On Sat, Apr 27, 2019 at 06:42:51AM -0400, Prarit Bhargava wrote:
> On 4/27/19 6:24 AM, Heiko Carstens wrote:
>
> >
> > diff --git a/kernel/module.c b/kernel/module.c
> > index 410eeb7e4f1d..48748cfec991 100644
> > --- a/kernel/module.c
> > +++ b/kernel/module.c
> > @@ -3585,6 +3585,7 @@ again:
> > finished_loading(mod->name));
> > if (err)
> > goto out_unlocked;
> > + cond_resched();
> Heiko, I'm testing on 2-cpu systems which appear to show the problem ~10% of the
> time. On another system I backed out my original patch to set a baseline, and
> noticed that occasionally the time to boot the system doubles from ~4 seconds to
> 9 seconds. Is this something you're also concerned with?
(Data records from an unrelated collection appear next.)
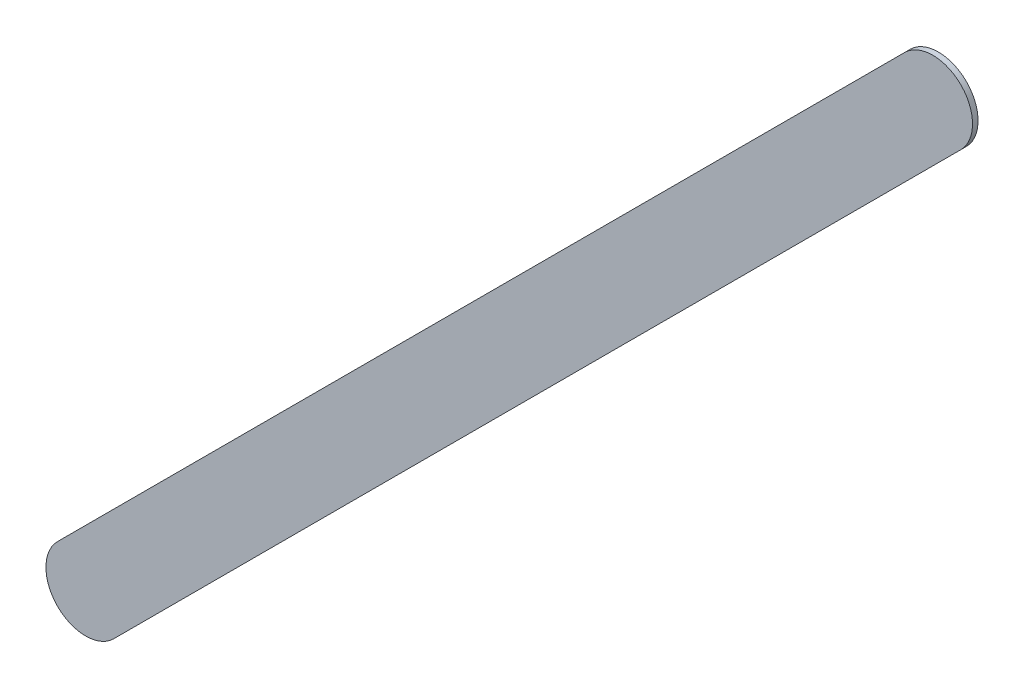
ISO-10303-21;
HEADER;
FILE_DESCRIPTION(('STEP AP214'),'2;1');
FILE_NAME('part.step','',(''),(''),'','','');
FILE_SCHEMA(('AUTOMOTIVE_DESIGN { 1 0 10303 214 1 1 1 1 }'));
ENDSEC;
DATA;
#1=APPLICATION_CONTEXT('core data for automotive mechanical design processes');
#2=APPLICATION_PROTOCOL_DEFINITION('international standard','automotive_design',2000,#1);
#3=PRODUCT_CONTEXT('',#1,'mechanical');
#4=PRODUCT('Part','Part','',(#3));
#5=PRODUCT_RELATED_PRODUCT_CATEGORY('part','',(#4));
#6=PRODUCT_DEFINITION_FORMATION('','',#4);
#7=PRODUCT_DEFINITION_CONTEXT('part definition',#1,'design');
#8=PRODUCT_DEFINITION('design','',#6,#7);
#9=PRODUCT_DEFINITION_SHAPE('','',#8);
#10=(LENGTH_UNIT() NAMED_UNIT(*) SI_UNIT(.MILLI.,.METRE.));
#11=(NAMED_UNIT(*) PLANE_ANGLE_UNIT() SI_UNIT($,.RADIAN.));
#12=(NAMED_UNIT(*) SI_UNIT($,.STERADIAN.) SOLID_ANGLE_UNIT());
#13=UNCERTAINTY_MEASURE_WITH_UNIT(LENGTH_MEASURE(1.E-05),#10,'distance_accuracy_value','');
#14=(GEOMETRIC_REPRESENTATION_CONTEXT(3) GLOBAL_UNCERTAINTY_ASSIGNED_CONTEXT((#13)) GLOBAL_UNIT_ASSIGNED_CONTEXT((#10,
#11,#12)) REPRESENTATION_CONTEXT('',''));
#15=CARTESIAN_POINT('',(0.,0.,0.));
#16=DIRECTION('',(0.,0.,1.));
#17=DIRECTION('',(1.,0.,0.));
#18=AXIS2_PLACEMENT_3D('',#15,#16,#17);
#19=CARTESIAN_POINT('',(144.702776,-111.631976,0.));
#20=DIRECTION('',(0.,0.,1.));
#21=DIRECTION('',(1.,0.,0.));
#22=AXIS2_PLACEMENT_3D('',#19,#20,#21);
#23=PLANE('',#22);
#24=DIRECTION('',(0.707106781186548,0.707106781186548,0.));
#25=VECTOR('',#24,1.);
#26=CARTESIAN_POINT('',(144.702776,-111.631976,0.));
#27=LINE('',#26,#25);
#28=CARTESIAN_POINT('',(144.702776,-111.631976,0.));
#29=VERTEX_POINT('',#28);
#30=CARTESIAN_POINT('',(150.036776,-106.297976,0.));
#31=VERTEX_POINT('',#30);
#32=EDGE_CURVE('E82',#29,#31,#27,.T.);
#33=ORIENTED_EDGE('',*,*,#32,.T.);
#34=CARTESIAN_POINT('',(149.8599995,-106.1211995,0.));
#35=DIRECTION('',(0.,0.,1.));
#36=DIRECTION('',(0.707106781186548,-0.707106781186548,0.));
#37=AXIS2_PLACEMENT_3D('',#34,#35,#36);
#38=CIRCLE('',#37,0.249999723809);
#39=CARTESIAN_POINT('',(149.683223,-105.944423,0.));
#40=VERTEX_POINT('',#39);
#41=EDGE_CURVE('E108',#31,#40,#38,.T.);
#42=ORIENTED_EDGE('',*,*,#41,.T.);
#43=DIRECTION('',(-0.707106781186548,-0.707106781186548,0.));
#44=VECTOR('',#43,1.);
#45=CARTESIAN_POINT('',(149.683223,-105.944423,0.));
#46=LINE('',#45,#44);
#47=CARTESIAN_POINT('',(144.349223,-111.278423,0.));
#48=VERTEX_POINT('',#47);
#49=EDGE_CURVE('E74',#40,#48,#46,.T.);
#50=ORIENTED_EDGE('',*,*,#49,.T.);
#51=CARTESIAN_POINT('',(144.5259995,-111.4551995,0.));
#52=DIRECTION('',(0.,0.,1.));
#53=DIRECTION('',(-0.707106781187048,0.707106781186048,0.));
#54=AXIS2_PLACEMENT_3D('',#51,#52,#53);
#55=CIRCLE('',#54,0.249999723809);
#56=EDGE_CURVE('E11',#48,#29,#55,.T.);
#57=ORIENTED_EDGE('',*,*,#56,.T.);
#58=EDGE_LOOP('',(#33,#42,#50,#57));
#59=FACE_BOUND('',#58,.T.);
#60=ADVANCED_FACE('F17',(#59),#23,.T.);
#61=CARTESIAN_POINT('',(144.702776,-111.631976,-0.035));
#62=DIRECTION('',(0.,0.,1.));
#63=DIRECTION('',(1.,0.,0.));
#64=AXIS2_PLACEMENT_3D('',#61,#62,#63);
#65=PLANE('',#64);
#66=CARTESIAN_POINT('',(144.5259995,-111.4551995,-0.035));
#67=DIRECTION('',(0.,0.,1.));
#68=DIRECTION('',(-0.707106781187048,0.707106781186048,0.));
#69=AXIS2_PLACEMENT_3D('',#66,#67,#68);
#70=CIRCLE('',#69,0.249999723809);
#71=CARTESIAN_POINT('',(144.349223,-111.278423,-0.035));
#72=VERTEX_POINT('',#71);
#73=CARTESIAN_POINT('',(144.702776,-111.631976,-0.035));
#74=VERTEX_POINT('',#73);
#75=EDGE_CURVE('E25',#72,#74,#70,.T.);
#76=ORIENTED_EDGE('',*,*,#75,.F.);
#77=DIRECTION('',(-0.707106781186548,-0.707106781186548,0.));
#78=VECTOR('',#77,1.);
#79=CARTESIAN_POINT('',(149.683223,-105.944423,-0.035));
#80=LINE('',#79,#78);
#81=CARTESIAN_POINT('',(149.683223,-105.944423,-0.035));
#82=VERTEX_POINT('',#81);
#83=EDGE_CURVE('E111',#82,#72,#80,.T.);
#84=ORIENTED_EDGE('',*,*,#83,.F.);
#85=CARTESIAN_POINT('',(149.8599995,-106.1211995,-0.035));
#86=DIRECTION('',(0.,0.,1.));
#87=DIRECTION('',(0.707106781186548,-0.707106781186548,0.));
#88=AXIS2_PLACEMENT_3D('',#85,#86,#87);
#89=CIRCLE('',#88,0.249999723809);
#90=CARTESIAN_POINT('',(150.036776,-106.297976,-0.035));
#91=VERTEX_POINT('',#90);
#92=EDGE_CURVE('E84',#91,#82,#89,.T.);
#93=ORIENTED_EDGE('',*,*,#92,.F.);
#94=DIRECTION('',(0.707106781186548,0.707106781186548,0.));
#95=VECTOR('',#94,1.);
#96=CARTESIAN_POINT('',(144.702776,-111.631976,-0.035));
#97=LINE('',#96,#95);
#98=EDGE_CURVE('E80',#74,#91,#97,.T.);
#99=ORIENTED_EDGE('',*,*,#98,.F.);
#100=EDGE_LOOP('',(#76,#84,#93,#99));
#101=FACE_BOUND('',#100,.T.);
#102=ADVANCED_FACE('F86',(#101),#65,.F.);
#103=CARTESIAN_POINT('',(144.5259995,-111.4551995,-0.035));
#104=DIRECTION('',(0.,0.,-1.));
#105=DIRECTION('',(-0.707106781187048,0.707106781186048,0.));
#106=AXIS2_PLACEMENT_3D('',#103,#104,#105);
#107=CYLINDRICAL_SURFACE('',#106,0.249999723809);
#108=ORIENTED_EDGE('',*,*,#75,.T.);
#109=DIRECTION('',(0.,0.,1.));
#110=VECTOR('',#109,1.);
#111=CARTESIAN_POINT('',(144.702776,-111.631976,-0.035));
#112=LINE('',#111,#110);
#113=EDGE_CURVE('E68',#74,#29,#112,.T.);
#114=ORIENTED_EDGE('',*,*,#113,.T.);
#115=ORIENTED_EDGE('',*,*,#56,.F.);
#116=DIRECTION('',(0.,0.,1.));
#117=VECTOR('',#116,1.);
#118=CARTESIAN_POINT('',(144.349223,-111.278423,-0.035));
#119=LINE('',#118,#117);
#120=EDGE_CURVE('E71',#72,#48,#119,.T.);
#121=ORIENTED_EDGE('',*,*,#120,.F.);
#122=EDGE_LOOP('',(#108,#114,#115,#121));
#123=FACE_BOUND('',#122,.T.);
#124=ADVANCED_FACE('F67',(#123),#107,.T.);
#125=CARTESIAN_POINT('',(149.683223,-105.944423,-0.035));
#126=DIRECTION('',(0.707106781186548,-0.707106781186548,0.));
#127=DIRECTION('',(0.,0.,-1.));
#128=AXIS2_PLACEMENT_3D('',#125,#126,#127);
#129=PLANE('',#128);
#130=ORIENTED_EDGE('',*,*,#83,.T.);
#131=ORIENTED_EDGE('',*,*,#120,.T.);
#132=ORIENTED_EDGE('',*,*,#49,.F.);
#133=DIRECTION('',(0.,0.,1.));
#134=VECTOR('',#133,1.);
#135=CARTESIAN_POINT('',(149.683223,-105.944423,-0.035));
#136=LINE('',#135,#134);
#137=EDGE_CURVE('E104',#82,#40,#136,.T.);
#138=ORIENTED_EDGE('',*,*,#137,.F.);
#139=EDGE_LOOP('',(#130,#131,#132,#138));
#140=FACE_BOUND('',#139,.T.);
#141=ADVANCED_FACE('F118',(#140),#129,.F.);
#142=CARTESIAN_POINT('',(149.8599995,-106.1211995,-0.035));
#143=DIRECTION('',(0.,0.,-1.));
#144=DIRECTION('',(0.707106781186548,-0.707106781186548,0.));
#145=AXIS2_PLACEMENT_3D('',#142,#143,#144);
#146=CYLINDRICAL_SURFACE('',#145,0.249999723809);
#147=ORIENTED_EDGE('',*,*,#92,.T.);
#148=ORIENTED_EDGE('',*,*,#137,.T.);
#149=ORIENTED_EDGE('',*,*,#41,.F.);
#150=DIRECTION('',(0.,0.,1.));
#151=VECTOR('',#150,1.);
#152=CARTESIAN_POINT('',(150.036776,-106.297976,-0.035));
#153=LINE('',#152,#151);
#154=EDGE_CURVE('E90',#91,#31,#153,.T.);
#155=ORIENTED_EDGE('',*,*,#154,.F.);
#156=EDGE_LOOP('',(#147,#148,#149,#155));
#157=FACE_BOUND('',#156,.T.);
#158=ADVANCED_FACE('F121',(#157),#146,.T.);
#159=CARTESIAN_POINT('',(144.702776,-111.631976,-0.035));
#160=DIRECTION('',(-0.707106781186548,0.707106781186548,0.));
#161=DIRECTION('',(0.,0.,1.));
#162=AXIS2_PLACEMENT_3D('',#159,#160,#161);
#163=PLANE('',#162);
#164=ORIENTED_EDGE('',*,*,#98,.T.);
#165=ORIENTED_EDGE('',*,*,#154,.T.);
#166=ORIENTED_EDGE('',*,*,#32,.F.);
#167=ORIENTED_EDGE('',*,*,#113,.F.);
#168=EDGE_LOOP('',(#164,#165,#166,#167));
#169=FACE_BOUND('',#168,.T.);
#170=ADVANCED_FACE('F78',(#169),#163,.F.);
#171=CLOSED_SHELL('',(#60,#102,#124,#141,#158,#170));
#172=MANIFOLD_SOLID_BREP('B1',#171);
#173=ADVANCED_BREP_SHAPE_REPRESENTATION('',(#18,#172),#14);
#174=SHAPE_DEFINITION_REPRESENTATION(#9,#173);
ENDSEC;
END-ISO-10303-21;

This _could_ be an issue, since I see the problem much more likely to
happen on systems with many devices (where many means only something
like 10 block devices). As far as I can tell it looks like
systemd/udevd tries to modprobe at the s390-trng module for each(!)
device.
I have no idea why it is doing that... however given that (failed)
module handling now sometimes takes more time, this might become a
real issue on system with several 1000s of block devices, which is a
realistic scenario at least on s390.